*Records for this exercise*.
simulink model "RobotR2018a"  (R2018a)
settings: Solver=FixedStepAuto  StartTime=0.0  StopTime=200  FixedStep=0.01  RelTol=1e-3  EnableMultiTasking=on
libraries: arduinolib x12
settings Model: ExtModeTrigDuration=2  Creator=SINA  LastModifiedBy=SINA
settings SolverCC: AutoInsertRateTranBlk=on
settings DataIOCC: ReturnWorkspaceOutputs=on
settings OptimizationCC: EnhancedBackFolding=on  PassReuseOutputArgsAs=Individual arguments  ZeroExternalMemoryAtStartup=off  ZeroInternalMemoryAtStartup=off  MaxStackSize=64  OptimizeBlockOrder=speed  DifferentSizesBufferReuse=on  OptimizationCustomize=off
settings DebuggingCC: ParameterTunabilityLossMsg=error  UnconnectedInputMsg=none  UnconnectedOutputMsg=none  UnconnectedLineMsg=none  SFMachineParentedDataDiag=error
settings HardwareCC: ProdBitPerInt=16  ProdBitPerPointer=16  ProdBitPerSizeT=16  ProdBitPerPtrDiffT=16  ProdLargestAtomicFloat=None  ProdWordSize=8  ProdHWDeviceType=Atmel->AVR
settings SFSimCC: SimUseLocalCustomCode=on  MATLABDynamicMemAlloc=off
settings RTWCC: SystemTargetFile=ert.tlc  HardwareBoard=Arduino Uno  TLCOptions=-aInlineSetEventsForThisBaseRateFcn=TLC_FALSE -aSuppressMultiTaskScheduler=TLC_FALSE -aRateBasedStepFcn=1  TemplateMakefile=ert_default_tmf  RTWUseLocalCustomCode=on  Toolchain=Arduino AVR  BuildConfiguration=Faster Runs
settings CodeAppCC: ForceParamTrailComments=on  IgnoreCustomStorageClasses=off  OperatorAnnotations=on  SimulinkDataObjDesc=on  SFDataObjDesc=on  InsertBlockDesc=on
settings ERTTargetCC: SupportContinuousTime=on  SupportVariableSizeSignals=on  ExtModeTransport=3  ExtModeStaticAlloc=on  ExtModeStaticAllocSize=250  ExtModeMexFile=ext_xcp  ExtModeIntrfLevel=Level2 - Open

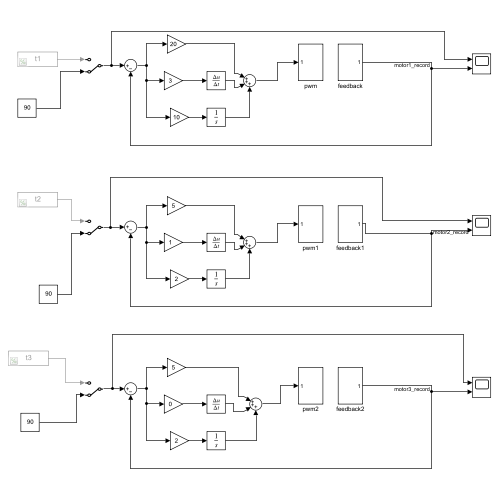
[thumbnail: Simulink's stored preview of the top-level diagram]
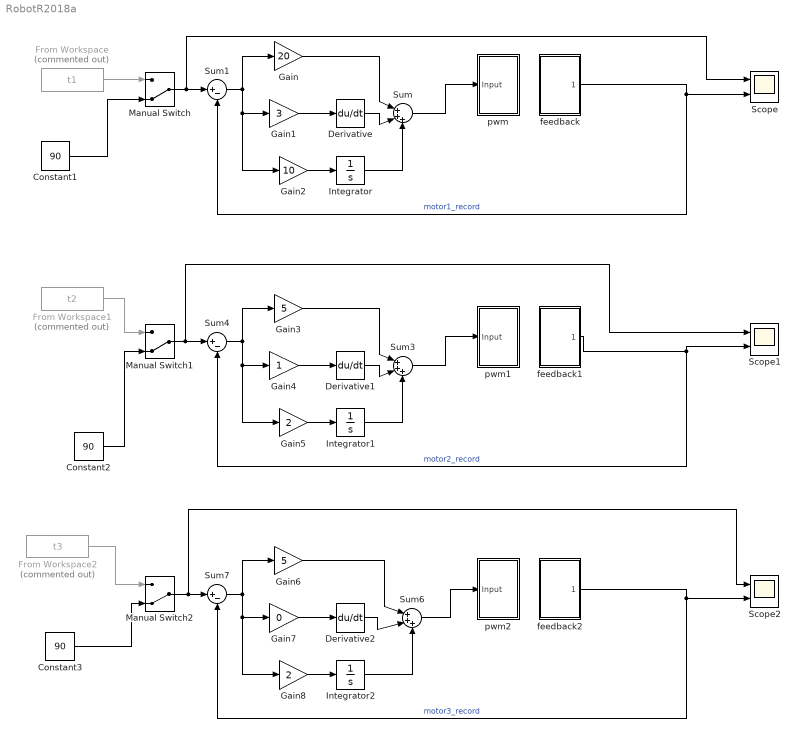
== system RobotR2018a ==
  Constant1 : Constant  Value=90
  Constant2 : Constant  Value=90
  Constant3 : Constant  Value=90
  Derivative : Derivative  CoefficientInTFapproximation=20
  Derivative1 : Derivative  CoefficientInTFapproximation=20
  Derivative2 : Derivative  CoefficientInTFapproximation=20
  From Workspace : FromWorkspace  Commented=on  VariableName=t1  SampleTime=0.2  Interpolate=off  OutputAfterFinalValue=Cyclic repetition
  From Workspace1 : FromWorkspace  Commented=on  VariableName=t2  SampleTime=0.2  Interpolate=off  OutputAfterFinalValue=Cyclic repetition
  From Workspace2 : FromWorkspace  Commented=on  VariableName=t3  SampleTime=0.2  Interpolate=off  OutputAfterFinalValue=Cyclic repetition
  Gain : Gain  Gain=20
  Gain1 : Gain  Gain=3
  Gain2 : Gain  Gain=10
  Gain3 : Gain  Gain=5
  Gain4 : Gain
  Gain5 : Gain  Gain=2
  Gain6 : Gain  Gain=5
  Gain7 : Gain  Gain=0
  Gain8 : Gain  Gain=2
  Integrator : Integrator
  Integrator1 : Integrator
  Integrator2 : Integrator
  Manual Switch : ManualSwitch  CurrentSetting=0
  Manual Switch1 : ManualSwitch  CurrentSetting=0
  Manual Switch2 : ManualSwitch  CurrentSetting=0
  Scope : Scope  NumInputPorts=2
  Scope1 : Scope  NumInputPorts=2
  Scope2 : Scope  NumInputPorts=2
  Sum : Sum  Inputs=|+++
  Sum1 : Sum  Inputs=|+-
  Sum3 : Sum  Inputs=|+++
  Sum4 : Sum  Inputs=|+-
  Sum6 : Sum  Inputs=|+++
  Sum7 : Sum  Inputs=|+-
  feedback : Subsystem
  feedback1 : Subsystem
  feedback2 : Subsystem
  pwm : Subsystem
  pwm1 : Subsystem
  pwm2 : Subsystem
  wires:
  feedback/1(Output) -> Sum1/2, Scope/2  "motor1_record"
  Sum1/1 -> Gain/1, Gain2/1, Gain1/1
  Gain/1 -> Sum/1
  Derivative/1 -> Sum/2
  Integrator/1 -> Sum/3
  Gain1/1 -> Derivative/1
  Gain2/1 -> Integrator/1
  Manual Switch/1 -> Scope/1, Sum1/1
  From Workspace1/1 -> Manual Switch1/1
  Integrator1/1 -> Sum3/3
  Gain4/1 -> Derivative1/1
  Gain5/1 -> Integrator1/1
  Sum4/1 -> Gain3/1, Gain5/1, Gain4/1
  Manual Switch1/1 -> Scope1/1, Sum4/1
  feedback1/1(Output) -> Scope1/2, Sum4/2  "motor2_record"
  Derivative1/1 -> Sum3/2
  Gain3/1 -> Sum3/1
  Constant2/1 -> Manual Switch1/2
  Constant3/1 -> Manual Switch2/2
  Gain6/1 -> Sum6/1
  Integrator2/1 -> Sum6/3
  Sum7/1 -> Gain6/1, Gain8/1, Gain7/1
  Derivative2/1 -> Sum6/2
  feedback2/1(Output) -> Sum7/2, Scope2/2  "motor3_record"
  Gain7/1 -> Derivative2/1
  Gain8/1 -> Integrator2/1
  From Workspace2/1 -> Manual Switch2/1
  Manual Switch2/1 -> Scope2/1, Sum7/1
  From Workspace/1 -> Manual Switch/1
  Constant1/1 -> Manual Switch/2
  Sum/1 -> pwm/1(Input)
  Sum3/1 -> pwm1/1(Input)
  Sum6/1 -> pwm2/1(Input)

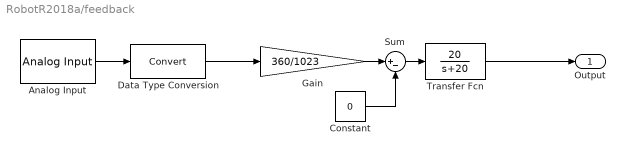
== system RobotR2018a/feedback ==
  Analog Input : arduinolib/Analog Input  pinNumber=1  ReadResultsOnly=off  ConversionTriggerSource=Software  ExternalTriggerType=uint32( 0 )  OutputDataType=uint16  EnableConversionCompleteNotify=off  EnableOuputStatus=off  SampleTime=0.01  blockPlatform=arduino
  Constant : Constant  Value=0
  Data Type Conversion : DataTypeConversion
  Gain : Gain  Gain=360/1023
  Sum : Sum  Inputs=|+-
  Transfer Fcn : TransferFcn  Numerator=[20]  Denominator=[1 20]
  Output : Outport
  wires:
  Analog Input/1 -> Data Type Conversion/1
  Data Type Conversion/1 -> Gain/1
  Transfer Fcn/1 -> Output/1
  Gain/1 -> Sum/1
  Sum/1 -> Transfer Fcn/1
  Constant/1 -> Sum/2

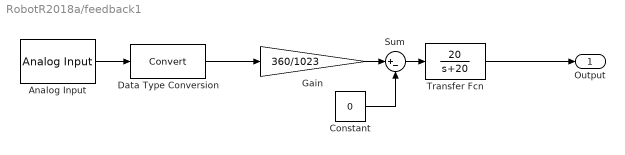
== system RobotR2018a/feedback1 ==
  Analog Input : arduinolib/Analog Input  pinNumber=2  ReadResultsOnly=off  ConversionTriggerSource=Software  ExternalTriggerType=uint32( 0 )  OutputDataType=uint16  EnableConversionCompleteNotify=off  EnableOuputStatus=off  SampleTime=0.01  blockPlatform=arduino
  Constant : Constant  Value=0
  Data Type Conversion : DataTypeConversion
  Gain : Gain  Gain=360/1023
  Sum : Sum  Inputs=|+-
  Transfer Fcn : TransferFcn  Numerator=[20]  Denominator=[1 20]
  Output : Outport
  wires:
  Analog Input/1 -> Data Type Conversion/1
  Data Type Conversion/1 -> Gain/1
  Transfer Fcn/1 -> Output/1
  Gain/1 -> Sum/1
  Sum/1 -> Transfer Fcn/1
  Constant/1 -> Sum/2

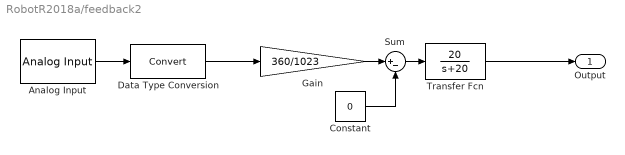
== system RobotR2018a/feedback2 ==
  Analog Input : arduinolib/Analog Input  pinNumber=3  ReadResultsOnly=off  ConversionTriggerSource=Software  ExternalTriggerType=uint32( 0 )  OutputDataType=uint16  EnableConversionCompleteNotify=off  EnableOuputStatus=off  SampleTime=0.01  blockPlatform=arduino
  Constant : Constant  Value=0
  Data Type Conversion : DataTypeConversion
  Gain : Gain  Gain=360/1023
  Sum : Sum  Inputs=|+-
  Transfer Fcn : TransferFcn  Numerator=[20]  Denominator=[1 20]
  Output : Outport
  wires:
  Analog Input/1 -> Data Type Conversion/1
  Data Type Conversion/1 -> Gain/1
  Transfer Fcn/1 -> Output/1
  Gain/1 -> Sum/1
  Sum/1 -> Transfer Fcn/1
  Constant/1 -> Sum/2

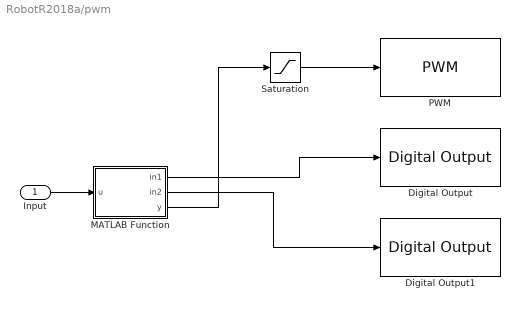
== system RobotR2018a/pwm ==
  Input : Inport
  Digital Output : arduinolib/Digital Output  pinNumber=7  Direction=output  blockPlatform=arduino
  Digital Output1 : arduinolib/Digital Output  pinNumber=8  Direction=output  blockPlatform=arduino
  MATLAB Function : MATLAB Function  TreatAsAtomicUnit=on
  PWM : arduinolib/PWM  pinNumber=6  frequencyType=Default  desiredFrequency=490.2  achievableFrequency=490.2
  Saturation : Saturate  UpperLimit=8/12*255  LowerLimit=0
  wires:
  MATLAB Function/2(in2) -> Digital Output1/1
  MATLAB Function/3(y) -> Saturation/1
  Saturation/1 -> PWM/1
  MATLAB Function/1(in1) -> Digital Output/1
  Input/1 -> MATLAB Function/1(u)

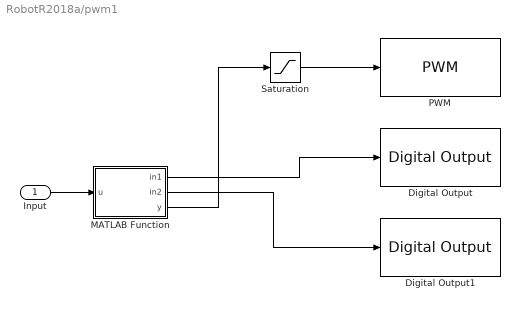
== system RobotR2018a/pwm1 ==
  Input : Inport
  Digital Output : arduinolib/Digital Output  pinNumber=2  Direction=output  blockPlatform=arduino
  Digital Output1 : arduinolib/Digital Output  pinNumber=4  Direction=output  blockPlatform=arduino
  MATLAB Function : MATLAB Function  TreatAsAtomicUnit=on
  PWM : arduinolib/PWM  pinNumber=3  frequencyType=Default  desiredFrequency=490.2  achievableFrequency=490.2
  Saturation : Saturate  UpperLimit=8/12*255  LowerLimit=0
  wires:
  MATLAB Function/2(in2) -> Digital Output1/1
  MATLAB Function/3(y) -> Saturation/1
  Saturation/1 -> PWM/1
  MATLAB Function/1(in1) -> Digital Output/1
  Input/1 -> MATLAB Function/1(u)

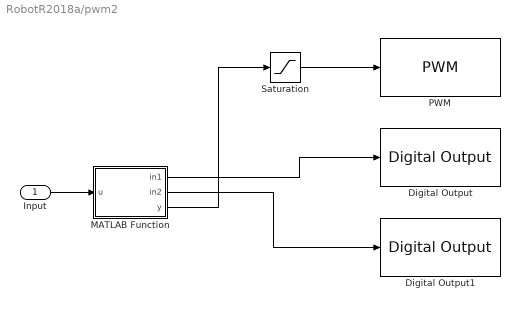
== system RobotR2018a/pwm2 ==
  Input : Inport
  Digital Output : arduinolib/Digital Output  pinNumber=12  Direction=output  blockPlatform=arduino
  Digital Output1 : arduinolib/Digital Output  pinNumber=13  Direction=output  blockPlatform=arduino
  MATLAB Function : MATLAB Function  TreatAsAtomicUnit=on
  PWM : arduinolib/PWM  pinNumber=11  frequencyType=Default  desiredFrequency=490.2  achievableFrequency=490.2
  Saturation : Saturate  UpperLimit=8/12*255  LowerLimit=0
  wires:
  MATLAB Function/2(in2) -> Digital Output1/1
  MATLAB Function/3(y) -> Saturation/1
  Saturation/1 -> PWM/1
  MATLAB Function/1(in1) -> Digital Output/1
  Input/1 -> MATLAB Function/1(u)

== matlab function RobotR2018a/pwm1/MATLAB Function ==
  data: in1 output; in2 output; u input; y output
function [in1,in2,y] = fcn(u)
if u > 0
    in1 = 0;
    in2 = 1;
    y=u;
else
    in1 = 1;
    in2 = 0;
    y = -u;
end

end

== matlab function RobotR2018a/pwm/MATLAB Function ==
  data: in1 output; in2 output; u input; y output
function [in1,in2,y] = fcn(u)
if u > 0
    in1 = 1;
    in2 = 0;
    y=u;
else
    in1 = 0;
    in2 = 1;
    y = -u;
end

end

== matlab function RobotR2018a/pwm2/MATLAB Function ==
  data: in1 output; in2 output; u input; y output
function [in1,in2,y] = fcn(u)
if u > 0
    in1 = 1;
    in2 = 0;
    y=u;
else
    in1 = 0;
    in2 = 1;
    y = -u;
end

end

*Work order*. Only a number is wanted here: how many lines of the material contain the string "Manual".

*Written response*. 12